**WHAT YOU NEED TO DO**
Whenever a line contains the string "units", copy it out of the entries.

===== DATA SUPPLIED =====

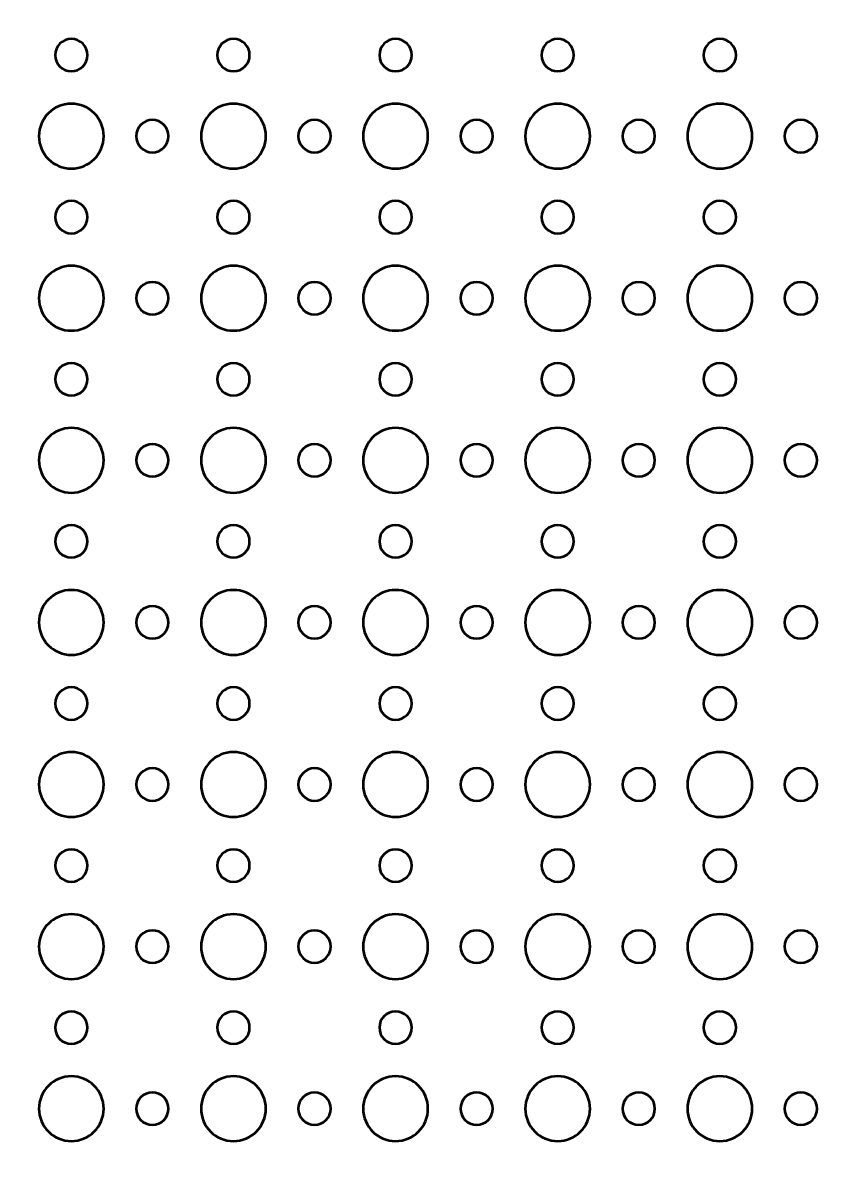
# Model space of a CAD drawing. Header units: centimetres. Extents: x -29.9 to 29.9, y -20.9 to 20.9.
# Drawn here: x 7.8 to 15.3, y -10.2 to 0.3 of the extents above; entities that cross this region are included whole.
import ezdxf

# ---------------------------------------------------------------- set-up
doc = ezdxf.new("R2010")
doc.units = ezdxf.units.CM
doc.header["$MEASUREMENT"] = 0
doc.layers.add('Layer 1', color=7, linetype='Continuous')

msp = doc.modelspace()

# ---------------------------------------------------------------- linework, layer by layer
at = {"layer": 'Layer 1', "lineweight": 53}
for points, knots in [([(29.45, -20.95), (29.45, -20.95), (-29.45, -20.95), (-29.45, -20.95), (-29.45, -20.95), (-29.72614, -20.95), (-29.95, -20.72614), (-29.95, -20.45), (-29.95, -20.45), (-29.95, -20.45), (-29.95, 20.45), (-29.95, 20.45), (-29.95, 20.45), (-29.95, 20.72614), (-29.72614, 20.95), (-29.45, 20.95), (-29.45, 20.95), (-29.45, 20.95), (29.45, 20.95), (29.45, 20.95), (29.45, 20.95), (29.72614, 20.95), (29.95, 20.72614), (29.95, 20.45), (29.95, 20.45), (29.95, 20.45), (29.95, -20.45), (29.95, -20.45), (29.95, -20.45), (29.95, -20.72614), (29.72614, -20.95), (29.45, -20.95)], [0, 0, 0, 0, 0.11111111, 0.11111111, 0.11111111, 0.11111111, 0.22222222, 0.22222222, 0.22222222, 0.22222222, 0.33333333, 0.33333333, 0.33333333, 0.33333333, 0.44444444, 0.44444444, 0.44444444, 0.44444444, 0.55555556, 0.55555556, 0.55555556, 0.55555556, 0.66666667, 0.66666667, 0.66666667, 0.66666667, 0.77777778, 0.77777778, 0.77777778, 0.77777778, 1, 1, 1, 1]), ([(8.1, 0), (8.1, 0.08284), (8.16716, 0.15), (8.25, 0.15), (8.25, 0.15), (8.33284, 0.15), (8.4, 0.08284), (8.4, 0), (8.4, 0), (8.4, -0.08284), (8.33284, -0.15), (8.25, -0.15), (8.25, -0.15), (8.16716, -0.15), (8.1, -0.08284), (8.1, 0)], [0, 0, 0, 0, 0.2, 0.2, 0.2, 0.2, 0.4, 0.4, 0.4, 0.4, 0.6, 0.6, 0.6, 0.6, 1, 1, 1, 1]), ([(9.6, 0), (9.6, 0.08284), (9.66716, 0.15), (9.75, 0.15), (9.75, 0.15), (9.83284, 0.15), (9.9, 0.08284), (9.9, 0), (9.9, 0), (9.9, -0.08284), (9.83284, -0.15), (9.75, -0.15), (9.75, -0.15), (9.66716, -0.15), (9.6, -0.08284), (9.6, 0)], [0, 0, 0, 0, 0.2, 0.2, 0.2, 0.2, 0.4, 0.4, 0.4, 0.4, 0.6, 0.6, 0.6, 0.6, 1, 1, 1, 1]), ([(11.1, 0), (11.1, 0.08284), (11.16716, 0.15), (11.25, 0.15), (11.25, 0.15), (11.33284, 0.15), (11.4, 0.08284), (11.4, 0), (11.4, 0), (11.4, -0.08284), (11.33284, -0.15), (11.25, -0.15), (11.25, -0.15), (11.16716, -0.15), (11.1, -0.08284), (11.1, 0)], [0, 0, 0, 0, 0.2, 0.2, 0.2, 0.2, 0.4, 0.4, 0.4, 0.4, 0.6, 0.6, 0.6, 0.6, 1, 1, 1, 1]), ([(12.6, 0), (12.6, 0.08284), (12.66716, 0.15), (12.75, 0.15), (12.75, 0.15), (12.83284, 0.15), (12.9, 0.08284), (12.9, 0), (12.9, 0), (12.9, -0.08284), (12.83284, -0.15), (12.75, -0.15), (12.75, -0.15), (12.66716, -0.15), (12.6, -0.08284), (12.6, 0)], [0, 0, 0, 0, 0.2, 0.2, 0.2, 0.2, 0.4, 0.4, 0.4, 0.4, 0.6, 0.6, 0.6, 0.6, 1, 1, 1, 1]), ([(14.1, 0), (14.1, 0.08284), (14.16716, 0.15), (14.25, 0.15), (14.25, 0.15), (14.33284, 0.15), (14.4, 0.08284), (14.4, 0), (14.4, 0), (14.4, -0.08284), (14.33284, -0.15), (14.25, -0.15), (14.25, -0.15), (14.16716, -0.15), (14.1, -0.08284), (14.1, 0)], [0, 0, 0, 0, 0.2, 0.2, 0.2, 0.2, 0.4, 0.4, 0.4, 0.4, 0.6, 0.6, 0.6, 0.6, 1, 1, 1, 1]), ([(7.95, -0.75), (7.95, -0.58431), (8.08431, -0.45), (8.25, -0.45), (8.25, -0.45), (8.41569, -0.45), (8.55, -0.58431), (8.55, -0.75), (8.55, -0.75), (8.55, -0.91569), (8.41569, -1.05), (8.25, -1.05), (8.25, -1.05), (8.08431, -1.05), (7.95, -0.91569), (7.95, -0.75)], [0, 0, 0, 0, 0.2, 0.2, 0.2, 0.2, 0.4, 0.4, 0.4, 0.4, 0.6, 0.6, 0.6, 0.6, 1, 1, 1, 1]), ([(9.45, -0.75), (9.45, -0.58431), (9.58431, -0.45), (9.75, -0.45), (9.75, -0.45), (9.91569, -0.45), (10.05, -0.58431), (10.05, -0.75), (10.05, -0.75), (10.05, -0.91569), (9.91569, -1.05), (9.75, -1.05), (9.75, -1.05), (9.58431, -1.05), (9.45, -0.91569), (9.45, -0.75)], [0, 0, 0, 0, 0.2, 0.2, 0.2, 0.2, 0.4, 0.4, 0.4, 0.4, 0.6, 0.6, 0.6, 0.6, 1, 1, 1, 1]), ([(10.95, -0.75), (10.95, -0.58431), (11.08431, -0.45), (11.25, -0.45), (11.25, -0.45), (11.41569, -0.45), (11.55, -0.58431), (11.55, -0.75), (11.55, -0.75), (11.55, -0.91569), (11.41569, -1.05), (11.25, -1.05), (11.25, -1.05), (11.08431, -1.05), (10.95, -0.91569), (10.95, -0.75)], [0, 0, 0, 0, 0.2, 0.2, 0.2, 0.2, 0.4, 0.4, 0.4, 0.4, 0.6, 0.6, 0.6, 0.6, 1, 1, 1, 1]), ([(12.45, -0.75), (12.45, -0.58431), (12.58431, -0.45), (12.75, -0.45), (12.75, -0.45), (12.91569, -0.45), (13.05, -0.58431), (13.05, -0.75), (13.05, -0.75), (13.05, -0.91569), (12.91569, -1.05), (12.75, -1.05), (12.75, -1.05), (12.58431, -1.05), (12.45, -0.91569), (12.45, -0.75)], [0, 0, 0, 0, 0.2, 0.2, 0.2, 0.2, 0.4, 0.4, 0.4, 0.4, 0.6, 0.6, 0.6, 0.6, 1, 1, 1, 1]), ([(13.95, -0.75), (13.95, -0.58431), (14.08431, -0.45), (14.25, -0.45), (14.25, -0.45), (14.41569, -0.45), (14.55, -0.58431), (14.55, -0.75), (14.55, -0.75), (14.55, -0.91569), (14.41569, -1.05), (14.25, -1.05), (14.25, -1.05), (14.08431, -1.05), (13.95, -0.91569), (13.95, -0.75)], [0, 0, 0, 0, 0.2, 0.2, 0.2, 0.2, 0.4, 0.4, 0.4, 0.4, 0.6, 0.6, 0.6, 0.6, 1, 1, 1, 1]), ([(8.85, -0.75), (8.85, -0.66716), (8.91716, -0.6), (9, -0.6), (9, -0.6), (9.08284, -0.6), (9.15, -0.66716), (9.15, -0.75), (9.15, -0.75), (9.15, -0.83284), (9.08284, -0.9), (9, -0.9), (9, -0.9), (8.91716, -0.9), (8.85, -0.83284), (8.85, -0.75)], [0, 0, 0, 0, 0.2, 0.2, 0.2, 0.2, 0.4, 0.4, 0.4, 0.4, 0.6, 0.6, 0.6, 0.6, 1, 1, 1, 1]), ([(10.35, -0.75), (10.35, -0.66716), (10.41716, -0.6), (10.5, -0.6), (10.5, -0.6), (10.58284, -0.6), (10.65, -0.66716), (10.65, -0.75), (10.65, -0.75), (10.65, -0.83284), (10.58284, -0.9), (10.5, -0.9), (10.5, -0.9), (10.41716, -0.9), (10.35, -0.83284), (10.35, -0.75)], [0, 0, 0, 0, 0.2, 0.2, 0.2, 0.2, 0.4, 0.4, 0.4, 0.4, 0.6, 0.6, 0.6, 0.6, 1, 1, 1, 1]), ([(11.85, -0.75), (11.85, -0.66716), (11.91716, -0.6), (12, -0.6), (12, -0.6), (12.08284, -0.6), (12.15, -0.66716), (12.15, -0.75), (12.15, -0.75), (12.15, -0.83284), (12.08284, -0.9), (12, -0.9), (12, -0.9), (11.91716, -0.9), (11.85, -0.83284), (11.85, -0.75)], [0, 0, 0, 0, 0.2, 0.2, 0.2, 0.2, 0.4, 0.4, 0.4, 0.4, 0.6, 0.6, 0.6, 0.6, 1, 1, 1, 1]), ([(13.35, -0.75), (13.35, -0.66716), (13.41716, -0.6), (13.5, -0.6), (13.5, -0.6), (13.58284, -0.6), (13.65, -0.66716), (13.65, -0.75), (13.65, -0.75), (13.65, -0.83284), (13.58284, -0.9), (13.5, -0.9), (13.5, -0.9), (13.41716, -0.9), (13.35, -0.83284), (13.35, -0.75)], [0, 0, 0, 0, 0.2, 0.2, 0.2, 0.2, 0.4, 0.4, 0.4, 0.4, 0.6, 0.6, 0.6, 0.6, 1, 1, 1, 1]), ([(14.85, -0.75), (14.85, -0.66716), (14.91716, -0.6), (15, -0.6), (15, -0.6), (15.08284, -0.6), (15.15, -0.66716), (15.15, -0.75), (15.15, -0.75), (15.15, -0.83284), (15.08284, -0.9), (15, -0.9), (15, -0.9), (14.91716, -0.9), (14.85, -0.83284), (14.85, -0.75)], [0, 0, 0, 0, 0.2, 0.2, 0.2, 0.2, 0.4, 0.4, 0.4, 0.4, 0.6, 0.6, 0.6, 0.6, 1, 1, 1, 1]), ([(8.1, -1.5), (8.1, -1.41716), (8.16716, -1.35), (8.25, -1.35), (8.25, -1.35), (8.33284, -1.35), (8.4, -1.41716), (8.4, -1.5), (8.4, -1.5), (8.4, -1.58284), (8.33284, -1.65), (8.25, -1.65), (8.25, -1.65), (8.16716, -1.65), (8.1, -1.58284), (8.1, -1.5)], [0, 0, 0, 0, 0.2, 0.2, 0.2, 0.2, 0.4, 0.4, 0.4, 0.4, 0.6, 0.6, 0.6, 0.6, 1, 1, 1, 1]), ([(9.6, -1.5), (9.6, -1.41716), (9.66716, -1.35), (9.75, -1.35), (9.75, -1.35), (9.83284, -1.35), (9.9, -1.41716), (9.9, -1.5), (9.9, -1.5), (9.9, -1.58284), (9.83284, -1.65), (9.75, -1.65), (9.75, -1.65), (9.66716, -1.65), (9.6, -1.58284), (9.6, -1.5)], [0, 0, 0, 0, 0.2, 0.2, 0.2, 0.2, 0.4, 0.4, 0.4, 0.4, 0.6, 0.6, 0.6, 0.6, 1, 1, 1, 1]), ([(11.1, -1.5), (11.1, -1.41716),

=====

**EXERCISE RESPONSE**
# Model space of a CAD drawing. Header units: centimetres. Extents: x -29.9 to 29.9, y -20.9 to 20.9.
doc.units = ezdxf.units.CM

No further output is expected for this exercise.